■ Task directions
Exactly as written, transcribe the data from its opening line through the line containing "# Not quite". Leave every picture out.

[Stored records]
= Beginning of Section =

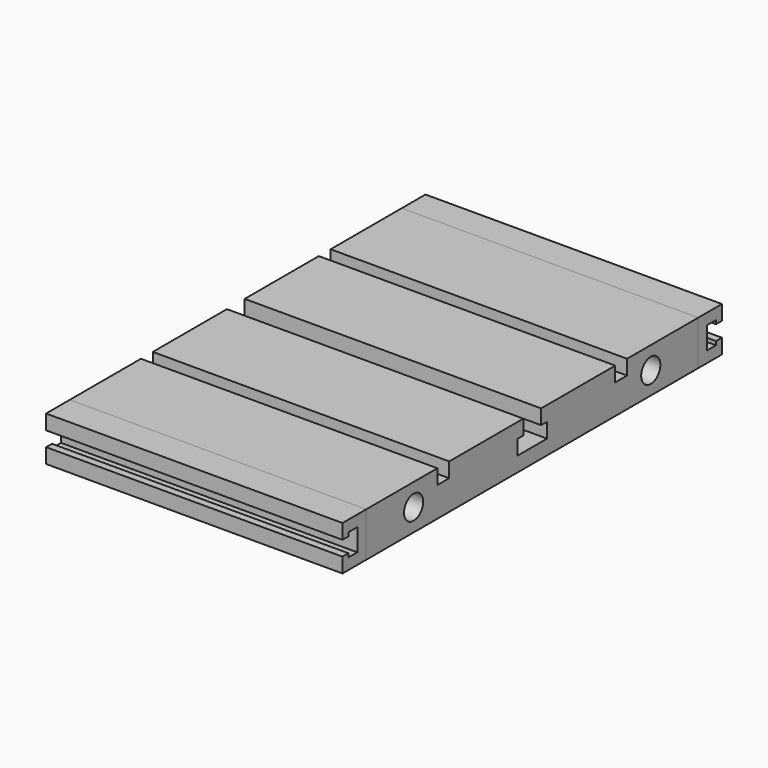
from build123d import *

# Parameters (mm, degrees)
F0_W     = 127
F0_H     = 177.8
F1_DEPTH = 19.05
F2_W     = 6.35
F2_H     = 6.35
F2_W_2   = 9.525
F2_R     = 5.1314415813
F3_DEPTH = 127.001
F5_DEPTH = 127


# Not quite as in the source:
# - a feature names something its author has since deleted; it is built from what else it names


with BuildPart() as f1:
    # F0 (on Top) → F1 (new body)
    with BuildSketch(Plane.XY):
        with Locations((63.5, 88.9)):
            Rectangle(F0_W, F0_H)
    extrude(amount=F1_DEPTH)

    # F2 (on face) → F3 (cut, through all)
    with BuildSketch(Plane.YZ.offset(127)):
        with Locations((41.275, 15.875)):
            Rectangle(F2_W, F2_H)
        with Locations((88.9, 15.875)):
            Rectangle(F2_W_2, F2_H)
        Polygon((93.6625, 12.7), (84.1375, 12.7), (80.9625, 12.7), (80.9625, 6.35), (96.8375, 6.35), (96.8375, 12.7), align=None)
        with Locations((25.4, 9.525)):
            Circle(F2_R)
        with Locations((152.4, 9.525)):
            Circle(F2_R)
        with Locations((136.525, 15.875)):
            Rectangle(F2_W, F2_H)
    extrude(amount=-F3_DEPTH, mode=Mode.SUBTRACT)


with BuildPart() as f5:
    # F4 (on face) → F5 (new body, through all)
    with BuildSketch(Plane.YZ.offset(127)):
        Polygon((0, 0), (0, 19.05), (-12.7, 19.05), (-12.7, 12.7), (-9.525, 12.7), (-9.525, 14.2875), (-4.7625, 14.2875), (-4.7625, 4.7625), (-9.525, 4.7625), (-9.525, 6.35), (-12.7, 6.35), (-12.7, 0), align=None)
    extrude(amount=-F5_DEPTH)


with BuildPart() as f5b:
    # F4 (on face) → F5, piece 2 (new body, through all)
    with BuildSketch(Plane.YZ.offset(127)):
        Polygon((177.8, 19.05), (177.8, 0), (190.5, 0), (190.5, 6.35), (187.325, 6.35), (187.325, 4.7625), (182.5625, 4.7625), (182.5625, 14.2875), (187.325, 14.2875), (187.325, 12.7), (190.5, 12.7), (190.5, 19.05), align=None)
    extrude(amount=-F5_DEPTH)


solid = Compound([f1.part, f5.part, f5b.part])

= End of Section =

■ Response area
from build123d import *

# Parameters (mm, degrees)
F0_W     = 127
F0_H     = 177.8
F1_DEPTH = 19.05
F2_W     = 6.35
F2_H     = 6.35
F2_W_2   = 9.525
F2_R     = 5.1314415813
F3_DEPTH = 127.001
F5_DEPTH = 127


# Not quite as in the source:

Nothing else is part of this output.